Beginning with the first line, return the material verbatim and without pictures.
[Start of Attachment]
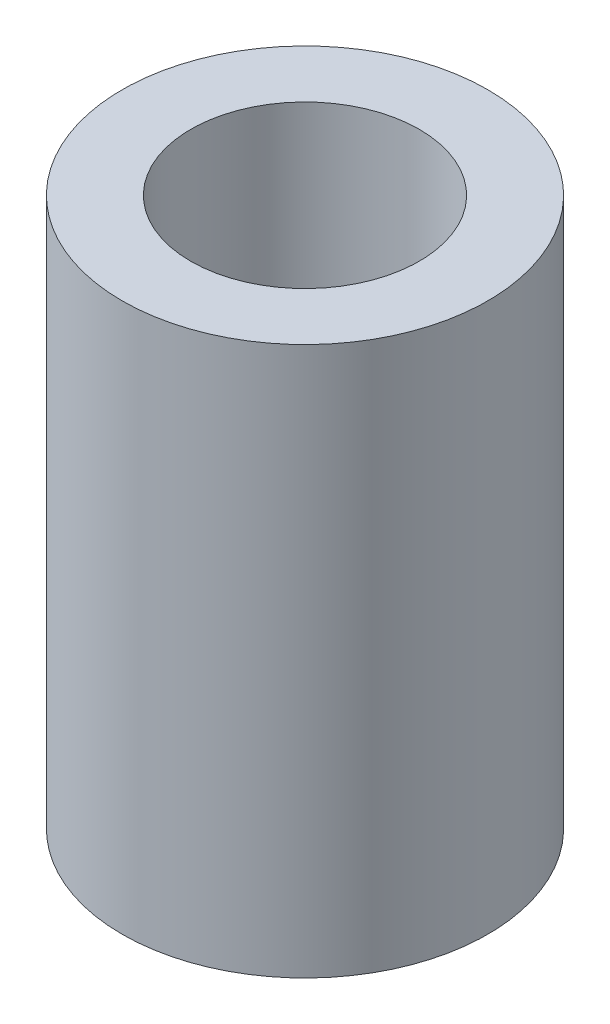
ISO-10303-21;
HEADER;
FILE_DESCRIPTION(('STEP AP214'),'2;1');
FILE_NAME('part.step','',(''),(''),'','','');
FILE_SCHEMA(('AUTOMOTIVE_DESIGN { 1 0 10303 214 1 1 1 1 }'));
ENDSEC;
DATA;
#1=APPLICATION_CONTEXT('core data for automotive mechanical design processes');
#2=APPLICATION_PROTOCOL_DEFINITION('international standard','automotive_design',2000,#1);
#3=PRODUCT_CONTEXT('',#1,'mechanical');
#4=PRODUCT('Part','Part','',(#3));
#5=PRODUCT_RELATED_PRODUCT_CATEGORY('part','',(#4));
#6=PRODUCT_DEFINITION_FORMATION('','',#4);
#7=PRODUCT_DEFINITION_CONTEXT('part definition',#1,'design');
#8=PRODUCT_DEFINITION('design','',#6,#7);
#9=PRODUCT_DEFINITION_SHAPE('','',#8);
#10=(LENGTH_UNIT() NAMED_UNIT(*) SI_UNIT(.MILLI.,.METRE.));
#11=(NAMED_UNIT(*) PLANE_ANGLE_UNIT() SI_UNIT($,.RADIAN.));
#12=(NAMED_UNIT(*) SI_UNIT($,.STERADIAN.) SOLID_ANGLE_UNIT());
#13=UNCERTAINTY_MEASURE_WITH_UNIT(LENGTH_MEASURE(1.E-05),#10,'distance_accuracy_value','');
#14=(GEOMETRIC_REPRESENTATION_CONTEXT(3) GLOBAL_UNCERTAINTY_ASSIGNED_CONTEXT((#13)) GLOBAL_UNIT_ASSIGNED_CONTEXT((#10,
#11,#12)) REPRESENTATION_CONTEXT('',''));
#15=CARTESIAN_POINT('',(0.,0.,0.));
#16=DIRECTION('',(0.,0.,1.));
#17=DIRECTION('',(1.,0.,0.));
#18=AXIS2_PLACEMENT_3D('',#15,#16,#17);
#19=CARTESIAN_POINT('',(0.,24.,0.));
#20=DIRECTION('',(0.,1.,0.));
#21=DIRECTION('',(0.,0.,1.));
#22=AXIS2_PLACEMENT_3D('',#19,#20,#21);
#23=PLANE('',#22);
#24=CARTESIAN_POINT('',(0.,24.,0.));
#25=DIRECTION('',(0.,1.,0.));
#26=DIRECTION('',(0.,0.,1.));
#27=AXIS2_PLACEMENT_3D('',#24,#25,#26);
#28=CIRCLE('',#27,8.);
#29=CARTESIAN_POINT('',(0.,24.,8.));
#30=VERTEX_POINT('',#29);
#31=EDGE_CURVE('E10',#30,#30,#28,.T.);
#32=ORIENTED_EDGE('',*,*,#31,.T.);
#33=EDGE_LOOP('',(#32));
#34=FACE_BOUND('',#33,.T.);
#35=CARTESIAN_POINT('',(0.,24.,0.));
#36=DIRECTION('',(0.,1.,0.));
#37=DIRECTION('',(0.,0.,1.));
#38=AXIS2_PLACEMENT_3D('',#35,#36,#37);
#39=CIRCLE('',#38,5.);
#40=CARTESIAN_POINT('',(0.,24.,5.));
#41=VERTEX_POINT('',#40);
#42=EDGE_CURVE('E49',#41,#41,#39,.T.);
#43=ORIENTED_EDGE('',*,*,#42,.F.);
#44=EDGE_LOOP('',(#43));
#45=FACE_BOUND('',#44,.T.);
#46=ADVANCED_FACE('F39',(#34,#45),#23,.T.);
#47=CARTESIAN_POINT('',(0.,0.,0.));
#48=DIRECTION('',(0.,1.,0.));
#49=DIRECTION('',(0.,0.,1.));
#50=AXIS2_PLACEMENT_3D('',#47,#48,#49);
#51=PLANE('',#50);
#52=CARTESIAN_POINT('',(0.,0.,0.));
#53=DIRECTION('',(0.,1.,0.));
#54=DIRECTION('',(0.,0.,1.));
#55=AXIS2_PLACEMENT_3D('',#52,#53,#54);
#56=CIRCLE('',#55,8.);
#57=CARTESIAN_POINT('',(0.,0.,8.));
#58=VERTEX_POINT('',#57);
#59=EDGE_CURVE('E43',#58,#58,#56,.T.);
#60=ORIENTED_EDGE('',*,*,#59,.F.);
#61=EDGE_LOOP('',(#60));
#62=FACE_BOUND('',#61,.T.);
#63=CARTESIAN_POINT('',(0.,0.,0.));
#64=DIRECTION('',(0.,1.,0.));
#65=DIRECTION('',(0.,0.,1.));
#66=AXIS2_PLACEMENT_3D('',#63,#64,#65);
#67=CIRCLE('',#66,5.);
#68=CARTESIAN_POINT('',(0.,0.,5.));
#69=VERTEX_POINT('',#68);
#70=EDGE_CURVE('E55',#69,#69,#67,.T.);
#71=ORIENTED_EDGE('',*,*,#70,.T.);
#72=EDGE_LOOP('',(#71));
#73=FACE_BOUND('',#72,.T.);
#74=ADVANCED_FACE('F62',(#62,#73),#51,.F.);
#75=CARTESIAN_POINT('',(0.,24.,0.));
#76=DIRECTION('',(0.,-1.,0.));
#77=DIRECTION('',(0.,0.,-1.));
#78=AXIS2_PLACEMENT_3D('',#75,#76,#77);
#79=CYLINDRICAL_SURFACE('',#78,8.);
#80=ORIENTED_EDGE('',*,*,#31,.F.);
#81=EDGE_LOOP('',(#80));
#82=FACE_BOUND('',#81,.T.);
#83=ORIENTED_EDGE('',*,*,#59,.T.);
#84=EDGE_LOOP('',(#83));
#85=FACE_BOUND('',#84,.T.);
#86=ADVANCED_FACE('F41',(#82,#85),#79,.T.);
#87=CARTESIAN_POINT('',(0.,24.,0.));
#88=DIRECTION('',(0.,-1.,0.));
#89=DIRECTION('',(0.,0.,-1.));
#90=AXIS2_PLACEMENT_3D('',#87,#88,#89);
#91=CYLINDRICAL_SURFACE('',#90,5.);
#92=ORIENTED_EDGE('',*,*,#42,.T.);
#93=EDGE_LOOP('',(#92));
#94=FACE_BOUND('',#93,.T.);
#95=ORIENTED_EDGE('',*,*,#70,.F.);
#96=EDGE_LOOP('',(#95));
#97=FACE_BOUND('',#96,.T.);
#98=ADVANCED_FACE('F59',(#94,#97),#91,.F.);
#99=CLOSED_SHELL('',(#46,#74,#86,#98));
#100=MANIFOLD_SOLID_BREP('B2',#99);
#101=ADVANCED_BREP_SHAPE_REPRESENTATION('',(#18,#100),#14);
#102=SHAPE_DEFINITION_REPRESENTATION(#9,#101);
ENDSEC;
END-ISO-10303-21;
[End of Attachment]
→ Finished exercise:
ISO-10303-21;
HEADER;
FILE_DESCRIPTION(('STEP AP214'),'2;1');
FILE_NAME('part.step','',(''),(''),'','','');
FILE_SCHEMA(('AUTOMOTIVE_DESIGN { 1 0 10303 214 1 1 1 1 }'));
ENDSEC;
DATA;
#1=APPLICATION_CONTEXT('core data for automotive mechanical design processes');
#2=APPLICATION_PROTOCOL_DEFINITION('international standard','automotive_design',2000,#1);
#3=PRODUCT_CONTEXT('',#1,'mechanical');
#4=PRODUCT('Part','Part','',(#3));
#5=PRODUCT_RELATED_PRODUCT_CATEGORY('part','',(#4));
#6=PRODUCT_DEFINITION_FORMATION('','',#4);
#7=PRODUCT_DEFINITION_CONTEXT('part definition',#1,'design');
#8=PRODUCT_DEFINITION('design','',#6,#7);
#9=PRODUCT_DEFINITION_SHAPE('','',#8);
#10=(LENGTH_UNIT() NAMED_UNIT(*) SI_UNIT(.MILLI.,.METRE.));
#11=(NAMED_UNIT(*) PLANE_ANGLE_UNIT() SI_UNIT($,.RADIAN.));
#12=(NAMED_UNIT(*) SI_UNIT($,.STERADIAN.) SOLID_ANGLE_UNIT());
#13=UNCERTAINTY_MEASURE_WITH_UNIT(LENGTH_MEASURE(1.E-05),#10,'distance_accuracy_value','');
#14=(GEOMETRIC_REPRESENTATION_CONTEXT(3) GLOBAL_UNCERTAINTY_ASSIGNED_CONTEXT((#13)) GLOBAL_UNIT_ASSIGNED_CONTEXT((#10,
#11,#12)) REPRESENTATION_CONTEXT('',''));
#15=CARTESIAN_POINT('',(0.,0.,0.));
#16=DIRECTION('',(0.,0.,1.));
#17=DIRECTION('',(1.,0.,0.));
#18=AXIS2_PLACEMENT_3D('',#15,#16,#17);
#19=CARTESIAN_POINT('',(0.,24.,0.));
#20=DIRECTION('',(0.,1.,0.));
#21=DIRECTION('',(0.,0.,1.));
#22=AXIS2_PLACEMENT_3D('',#19,#20,#21);
#23=PLANE('',#22);
#24=CARTESIAN_POINT('',(0.,24.,0.));
#25=DIRECTION('',(0.,1.,0.));
#26=DIRECTION('',(0.,0.,1.));
#27=AXIS2_PLACEMENT_3D('',#24,#25,#26);
#28=CIRCLE('',#27,8.);
#29=CARTESIAN_POINT('',(0.,24.,8.));
#30=VERTEX_POINT('',#29);
#31=EDGE_CURVE('E10',#30,#30,#28,.T.);
#32=ORIENTED_EDGE('',*,*,#31,.T.);
#33=EDGE_LOOP('',(#32));
#34=FACE_BOUND('',#33,.T.);
#35=CARTESIAN_POINT('',(0.,24.,0.));
#36=DIRECTION('',(0.,1.,0.));
#37=DIRECTION('',(0.,0.,1.));
#38=AXIS2_PLACEMENT_3D('',#35,#36,#37);
#39=CIRCLE('',#38,5.);
#40=CARTESIAN_POINT('',(0.,24.,5.));
#41=VERTEX_POINT('',#40);
#42=EDGE_CURVE('E49',#41,#41,#39,.T.);
#43=ORIENTED_EDGE('',*,*,#42,.F.);
#44=EDGE_LOOP('',(#43));
#45=FACE_BOUND('',#44,.T.);
#46=ADVANCED_FACE('F39',(#34,#45),#23,.T.);
#47=CARTESIAN_POINT('',(0.,0.,0.));
#48=DIRECTION('',(0.,1.,0.));
#49=DIRECTION('',(0.,0.,1.));
#50=AXIS2_PLACEMENT_3D('',#47,#48,#49);
#51=PLANE('',#50);
#52=CARTESIAN_POINT('',(0.,0.,0.));
#53=DIRECTION('',(0.,1.,0.));
#54=DIRECTION('',(0.,0.,1.));
#55=AXIS2_PLACEMENT_3D('',#52,#53,#54);
#56=CIRCLE('',#55,8.);
#57=CARTESIAN_POINT('',(0.,0.,8.));
#58=VERTEX_POINT('',#57);
#59=EDGE_CURVE('E43',#58,#58,#56,.T.);
#60=ORIENTED_EDGE('',*,*,#59,.F.);
#61=EDGE_LOOP('',(#60));
#62=FACE_BOUND('',#61,.T.);
#63=CARTESIAN_POINT('',(0.,0.,0.));
#64=DIRECTION('',(0.,1.,0.));
#65=DIRECTION('',(0.,0.,1.));
#66=AXIS2_PLACEMENT_3D('',#63,#64,#65);
#67=CIRCLE('',#66,5.);
#68=CARTESIAN_POINT('',(0.,0.,5.));
#69=VERTEX_POINT('',#68);
#70=EDGE_CURVE('E55',#69,#69,#67,.T.);
#71=ORIENTED_EDGE('',*,*,#70,.T.);
#72=EDGE_LOOP('',(#71));
#73=FACE_BOUND('',#72,.T.);
#74=ADVANCED_FACE('F62',(#62,#73),#51,.F.);
#75=CARTESIAN_POINT('',(0.,24.,0.));
#76=DIRECTION('',(0.,-1.,0.));
#77=DIRECTION('',(0.,0.,-1.));
#78=AXIS2_PLACEMENT_3D('',#75,#76,#77);
#79=CYLINDRICAL_SURFACE('',#78,8.);
#80=ORIENTED_EDGE('',*,*,#31,.F.);
#81=EDGE_LOOP('',(#80));
#82=FACE_BOUND('',#81,.T.);
#83=ORIENTED_EDGE('',*,*,#59,.T.);
#84=EDGE_LOOP('',(#83));
#85=FACE_BOUND('',#84,.T.);
#86=ADVANCED_FACE('F41',(#82,#85),#79,.T.);
#87=CARTESIAN_POINT('',(0.,24.,0.));
#88=DIRECTION('',(0.,-1.,0.));
#89=DIRECTION('',(0.,0.,-1.));
#90=AXIS2_PLACEMENT_3D('',#87,#88,#89);
#91=CYLINDRICAL_SURFACE('',#90,5.);
#92=ORIENTED_EDGE('',*,*,#42,.T.);
#93=EDGE_LOOP('',(#92));
#94=FACE_BOUND('',#93,.T.);
#95=ORIENTED_EDGE('',*,*,#70,.F.);
#96=EDGE_LOOP('',(#95));
#97=FACE_BOUND('',#96,.T.);
#98=ADVANCED_FACE('F59',(#94,#97),#91,.F.);
#99=CLOSED_SHELL('',(#46,#74,#86,#98));
#100=MANIFOLD_SOLID_BREP('B2',#99);
#101=ADVANCED_BREP_SHAPE_REPRESENTATION('',(#18,#100),#14);
#102=SHAPE_DEFINITION_REPRESENTATION(#9,#101);
ENDSEC;
END-ISO-10303-21;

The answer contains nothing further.